Start of Materials provided
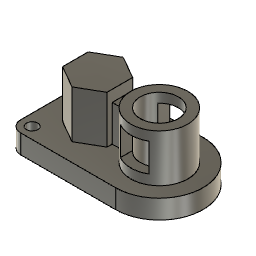
drawing_25 (Autodesk Fusion 360 design; units mm, degrees)
Autodesk Fusion 360 part; units mm, degrees
note: some values were not read from the file. Set by a fixed rule: which sketch regions a step uses.
sketch "Sketch1" plane through (0, 0, 0) normal (0, 0, 1) x (1, 0, 0)
  line L0 (-56, 46) -> (56, 46)
  line L1 (56, 46) -> (56, -46)
  line L2 (56, -46) -> (-56, -46)
  line L3 (-56, -46) -> (-56, 46)
  line L4 (-56, 46) -> (56, -46) construction
  line L5 (56, 46) -> (-56, -46) construction
  dimension "d1" = 92
  dimension "d2" = 112
  constraint horizontal L0
  constraint perpendicular L0 L1
  constraint parallel L0 L2
  constraint parallel L1 L3
  constraint coincident L4 origin
  constraint coincident L5 origin
  measures "d1" distance of L0.end L1.end
  measures "d2" distance of L0.start L0.end
extrude "Extrude1" add sketch "Sketch1" along normal blind 20
sketch "Sketch2" plane through (0, 0, 0) normal (0, 0, -1) x (1, 0, 0)
  line L0 (56, 46) -> (-56, 46)
  line L1 (-56, 46) -> (-56, -46)
  line L2 (-56, -46) -> (56, -46)
  line L3 (56, -46) -> (56, 46)
  circle A0 centre (56, 0) radius 46
  dimension "d5" = 92
  constraint midpoint L3 A0.centre
  measures "d5" diameter of A0
extrude "Extrude2" add sketch "Sketch2" against normal blind 20 contours L3 A0 picked at (67.5882, 10.0412)
sketch "Sketch3" plane through (0, 0, 20) normal (0, 0, 1) x (-1, 0, 0)
  line L0 (56, 46) -> (-56, 46)
  arc A0 (-56, 46) -> (-56, -46) centre (-56, 0) ccw
  line L1 (-56, -46) -> (56, -46)
  line L2 (56, -46) -> (56, 46)
  circle A1 centre (-56, 0) radius 30
  dimension "d8" = 60
  constraint concentric A0 A1
  measures "d8" diameter of A1
extrude "Extrude3" add sketch "Sketch3" along normal blind 50 contours A1
ref_plane "WorkPlane1" through (56, -30, 48.1933) normal (0, -1, 0) x (-1, 0, 0)
sketch "Sketch4" plane through (56, -30, 48.1933) normal (0, -1, 0) x (1, 0, 0)
  line L0 (30, 21.8067) -> (-30, 21.8067)
  line L1 (0, -48.1933) -> (46, -48.1933)
  line L2 (46, -28.1933) -> (30, -28.1933)
  line L3 (-112, -48.1933) -> (-112, -28.1933)
  line L4 (-112, -48.1933) -> (0, -48.1933)
  line L5 (-30, -28.1933) -> (-112, -28.1933)
  line L6 (30, -28.1933) -> (30, 21.8067)
  line L7 (-30, -28.1933) -> (-30, 21.8067)
  line L8 (46, -48.1933) -> (46, -28.1933)
  line L9 (0, 21.8067) -> (0, 11.8067) construction
  line L10 (0, 11.8067) -> (0, -3.1933) construction
  line L11 (15, 11.8067) -> (-15, 11.8067)
  line L12 (-15, 11.8067) -> (-15, -18.1933)
  line L13 (-15, -18.1933) -> (15, -18.1933)
  line L14 (15, -18.1933) -> (15, 11.8067)
  line L15 (15, 11.8067) -> (-15, -18.1933) construction
  line L16 (-15, 11.8067) -> (15, -18.1933) construction
  point P0 (0, -3.1933)
  dimension "d12" = 10
  dimension "d13" = 15
  dimension "d14" = 30
  dimension "d15" = 30
  constraint midpoint L0 L9.start
  constraint perpendicular L0 L9
  constraint perpendicular L0 L10
  constraint horizontal L11
  constraint perpendicular L11 L12
  constraint parallel L11 L13
  constraint parallel L12 L14
  constraint coincident L15 P0
  constraint coincident L16 P0
  constraint coincident P0 L10.end
  measures "d12" distance of L9.start L9.end
  measures "d13" distance of L9.end P0
  measures "d14" distance of L12.end L13.end
  measures "d15" distance of L11.end L12.end
extrude "Extrude4" cut sketch "Sketch4" against normal blind 100 contours L11 L12 L13 L14
sketch "Sketch5" plane through (0, 0, 70) normal (0, 0, 1) x (-1, 0, 0)
  circle A0 centre (-56, 0) radius 30
  circle A1 centre (-56, 0) radius 20
  dimension "d18" = 40
  constraint concentric A0 A1
  measures "d18" diameter of A1
extrude "Extrude5" cut sketch "Sketch5" against normal blind 120 contours A1
sketch "Sketch6" plane through (0, 0, 20) normal (0, 0, 1) x (-1, 0, 0)
  circle A0 centre (-56, 0) radius 30
  line L0 (56, 46) -> (-56, 46)
  arc A1 (-56, 46) -> (-56, -46) centre (-56, 0) ccw
  line L1 (-56, -46) -> (56, -46)
  line L2 (56, -46) -> (56, 46)
  line L3 (56, -46) -> (56, -34) construction
  line L4 (56, -34) -> (44, -34) construction
  circle A2 centre (44, -34) radius 12
  line L5 (56, 46) -> (56, 34) construction
  line L6 (56, 34) -> (44, 34) construction
  circle A3 centre (44, 34) radius 12
  circle A4 centre (44, 34) radius 6
  circle A5 centre (44, -34) radius 6
  dimension "d21" = 12
  dimension "d22" = 12
  dimension "d23" = 24
  dimension "d24" = 12
  dimension "d25" = 12
  dimension "d26" = 24
  dimension "d27" = 12
  dimension "d28" = 12
  constraint coincident L1.end L2.start
  constraint perpendicular L1 L3
  constraint perpendicular L2 L4
  constraint coincident L4.end A2.centre
  constraint coincident L0.start L2.end
  constraint perpendicular L0 L5
  constraint perpendicular L5 L6
  constraint coincident L6.end A3.centre
  constraint concentric A3 A4
  constraint concentric A2 A5
  measures "d21" distance of L1.end L3.end
  measures "d22" distance of L3.end L4.end
  measures "d23" diameter of A2
  measures "d24" distance of L0.start L5.end
  measures "d25" distance of L5.end L6.end
  measures "d26" diameter of A3
  measures "d27" diameter of A4
  measures "d28" diameter of A5
extrude "Extrude6" cut sketch "Sketch6" against normal blind 30 contours A4 | A5
sketch "Sketch7" plane through (0, 0, 20) normal (0, 0, 1) x (-1, 0, 0)
  circle A0 centre (44, -34) radius 6
  circle A1 centre (44, 34) radius 6
  circle A2 centre (-56, 0) radius 30
  line L0 (56, 46) -> (-56, 46)
  arc A3 (-56, 46) -> (-56, -46) centre (-56, 0) ccw
  line L1 (-56, -46) -> (56, -46)
  line L2 (56, -46) -> (56, 46)
  circle A4 centre (44, -34) radius 12
  circle A5 centre (44, 34) radius 12
  dimension "d31" = 24
  dimension "d32" = 24
  constraint concentric A0 A4
  constraint concentric A1 A5
  measures "d31" diameter of A4
  measures "d32" diameter of A5
extrude "Extrude7" cut sketch "Sketch7" against normal blind 40 contours L0 L2 A5 | L1 L2 A4
sketch "Sketch8" plane through (0, 0, 20) normal (0, 0, 1) x (-1, 0, 0)
  arc A0 (56, 34) -> (44, 46) centre (44, 34) ccw
  line L0 (44, 46) -> (-56, 46)
  arc A1 (-56, 46) -> (-56, -46) centre (-56, 0) ccw
  line L1 (-56, -46) -> (44, -46)
  arc A2 (44, -46) -> (56, -34) centre (44, -34) ccw
  line L2 (56, -34) -> (56, 34)
  circle A3 centre (44, -34) radius 6
  circle A4 centre (44, 34) radius 6
  circle A5 centre (-56, 0) radius 30
  line L3 (44, -34) -> (9, -34) construction
  line L4 (9, 34) -> (9, 0) construction
  line L5 (9, -27) -> (32.3827, -13.5)
  line L6 (32.3827, -13.5) -> (32.3827, 13.5)
  line L7 (32.3827, 13.5) -> (9, 27)
  line L8 (9, 27) -> (-14.3827, 13.5)
  line L9 (-14.3827, 13.5) -> (-14.3827, -13.5)
  line L10 (-14.3827, -13.5) -> (9, -27)
  line L11 (9, -34) -> (9, -27)
  arc A6 (-14.3827, -11.3688) -> (-12.537, -14.5656) centre (9, 0) ccw construction
  arc A7 (-12.537, 14.5656) -> (-14.3827, 11.3688) centre (9, 0) ccw construction
  arc A8 (10.8457, 25.9344) -> (7.1543, 25.9344) centre (9, 0) ccw construction
  arc A9 (10.8457, -25.9344) -> (32.3827, -11.3688) centre (9, 0) ccw construction
  arc A10 (32.3827, 11.3688) -> (30.537, 14.5656) centre (9, 0) ccw construction
  point P0 (9, 0)
  dimension "d35" = 35
  dimension "d36" = 52
  constraint coincident A2.centre A3.centre
  constraint horizontal L3
  constraint perpendicular L0 L4
  constraint coincident P0 L4.end
  constraint perpendicular L3 L11
  constraint coincident L5 A9.start
  constraint coincident L10 A6.end
  constraint coincident L9 A7.end
  constraint coincident L9 A6.start
  constraint concentric A6 A9
  constraint coincident L8 A8.end
  constraint coincident L8 A7.start
  constraint concentric A7 A9
  constraint coincident L7 A10.end
  constraint coincident L7 A8.start
  constraint concentric A8 A9
  constraint coincident L6 A9.end
  constraint coincident L6 A10.start
  constraint concentric A9 A10
  measures "d35" distance of A2.centre L3.end
  measures "d36" diameter of A9
extrude "Extrude8" add sketch "Sketch8" along normal blind 50 contours L5 L6 L7 L8 L9 L10
sketch "Sketch9" plane through (0, 0, 20) normal (0, 0, 1) x (-1, 0, 0)
  line L0 (-14.3827, -13.5) -> (-14.3827, 13.5)
  line L1 (-14.3827, 13.5) -> (9, 27)
  line L2 (9, 27) -> (32.3827, 13.5)
  line L3 (32.3827, 13.5) -> (32.3827, -13.5)
  line L4 (32.3827, -13.5) -> (9, -27)
  line L5 (9, -27) -> (-14.3827, -13.5)
  arc A0 (56, 34) -> (44, 46) centre (44, 34) ccw
  line L6 (44, 46) -> (-56, 46)
  arc A1 (-56, 46) -> (-56, -46) centre (-56, 0) ccw
  line L7 (-56, -46) -> (44, -46)
  arc A2 (44, -46) -> (56, -34) centre (44, -34) ccw
  line L8 (56, -34) -> (56, 34)
  circle A3 centre (44, -34) radius 6
  circle A4 centre (44, 34) radius 6
  circle A5 centre (-56, 0) radius 30
  line L9 (-14.3827, -13.5) -> (9, -27)
  line L10 (9, -27) -> (32.3827, -13.5)
  line L11 (32.3827, -13.5) -> (32.3827, 13.5)
  line L12 (32.3827, 13.5) -> (9, 27)
  line L13 (9, 27) -> (-14.3827, 13.5)
  line L14 (-14.3827, 13.5) -> (-14.3827, -13.5)
  circle A6 centre (-56, 0) radius 20
  circle A7 centre (-56, 0) radius 30
  line L15 (-10, 0) -> (-29.7237, 0) construction
  line L16 (-10, 0) -> (-10, -8) construction
  line L17 (-10, -8) -> (-32.4254, -8)
  line L18 (-32.4254, -8) -> (-32.4254, 8)
  line L19 (-32.4254, 8) -> (-10, 8)
  line L20 (-10, 8) -> (-10, -8)
  dimension "d39" = 8
  dimension "d40" = 16
  constraint perpendicular L0 L15
  constraint perpendicular L15 L16
  constraint horizontal L17
  constraint vertical L18
  constraint horizontal L19
  constraint vertical L20
  measures "d39" distance of L15.start L16.end
  measures "d40" distance of L16.end L19.end
extrude "Extrude9" add sketch "Sketch9" along normal blind 38 contours L0 A5 L14 A7 L17 L19 | L0 L14 L17 L19 L20 | A5 A7 L17 L18 L19 picked at (-30.2836, 0)
equation "d1 = 68 mm + 12 mm + 12 mm"
equation "d5 = 46 mm + 46 mm"
equation "d41 = 50 mm - 12 mm"
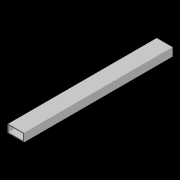
# Autodesk Inventor part: Bolt On Cross Supprot
Saved by Autodesk Inventor 2014 SP1 (Build 180222100, 222)
## iProperties
Created: 2013-11-29
Part Number: Bolt On Cross Supprot
Material: Aluminum 6061
Document SubType Name: Modeling
Designer: Rauhul Varma
Mass: 546.88 g
Surface Area: 1280.01 cm^2
Volume: 201.801 cm^3
Density: 2.71 g/cm^3
Appearance: Aluminum - Flat
Author: Rauhul Varma
Autodesk Inventor part; units mm, degrees
ref_plane "YZ Plane" through (0, 0, 0) normal (1, 0, 0) x (0, 1, 0)
ref_plane "XZ Plane" through (0, 0, 0) normal (0, 1, 0) x (-1, 0, 0)
ref_plane "XY Plane" through (0, 0, 0) normal (0, 0, 1) x (1, 0, 0)
sketch "Sketch1" plane through (0, 0, 0) normal (0, 0, 1) x (1, 0, 0)
  line L0 (0, 0) -> (50.8, 0)
  line L1 (50.8, 0) -> (50.8, 25.4)
  line L2 (50.8, 25.4) -> (0, 25.4)
  line L3 (0, 25.4) -> (0, 0)
  line L4 (3.175, 3.175) -> (47.625, 3.175)
  line L5 (47.625, 3.175) -> (47.625, 22.225)
  line L6 (47.625, 22.225) -> (3.175, 22.225)
  line L7 (3.175, 22.225) -> (3.175, 3.175)
  dimension "d0" = 50.8
  dimension "d1" = 25.4
  dimension "d2" = 3.175
  dimension "d3" = 3.175
  dimension "d4" = 3.175
  dimension "d5" = 3.175
  constraints: 16 end point, 4 parallel, 2 horizontal, 2 perpendicular
  measures "d0" distance of L2.end L1.end
  measures "d1" distance of L1.end L0.end
  measures "d2" distance between parallel lines of L3 L7
  measures "d3" distance between parallel lines of L2 L6
  measures "d4" distance between parallel lines of L0 L4
  measures "d5" distance between parallel lines of L5 L1
extrude "Extrusion1" add sketch "Sketch1" along normal blind 457.2
fillet "Fillet1" radius 3.175 1 edges at (0, 25.4, 228.6)
equation "\"d3\" = d2"
equation "\"d4\" = d2"
equation "\"d5\" = d3"
body "Solid1"
End of Materials provided
What is expected →
From the entries above, collect every line with the string "Autodesk" in it.

Exercise output →
drawing_25 (Autodesk Fusion 360 design; units mm, degrees)
Autodesk Fusion 360 part; units mm, degrees
# Autodesk Inventor part: Bolt On Cross Supprot
Saved by Autodesk Inventor 2014 SP1 (Build 180222100, 222)
Autodesk Inventor part; units mm, degrees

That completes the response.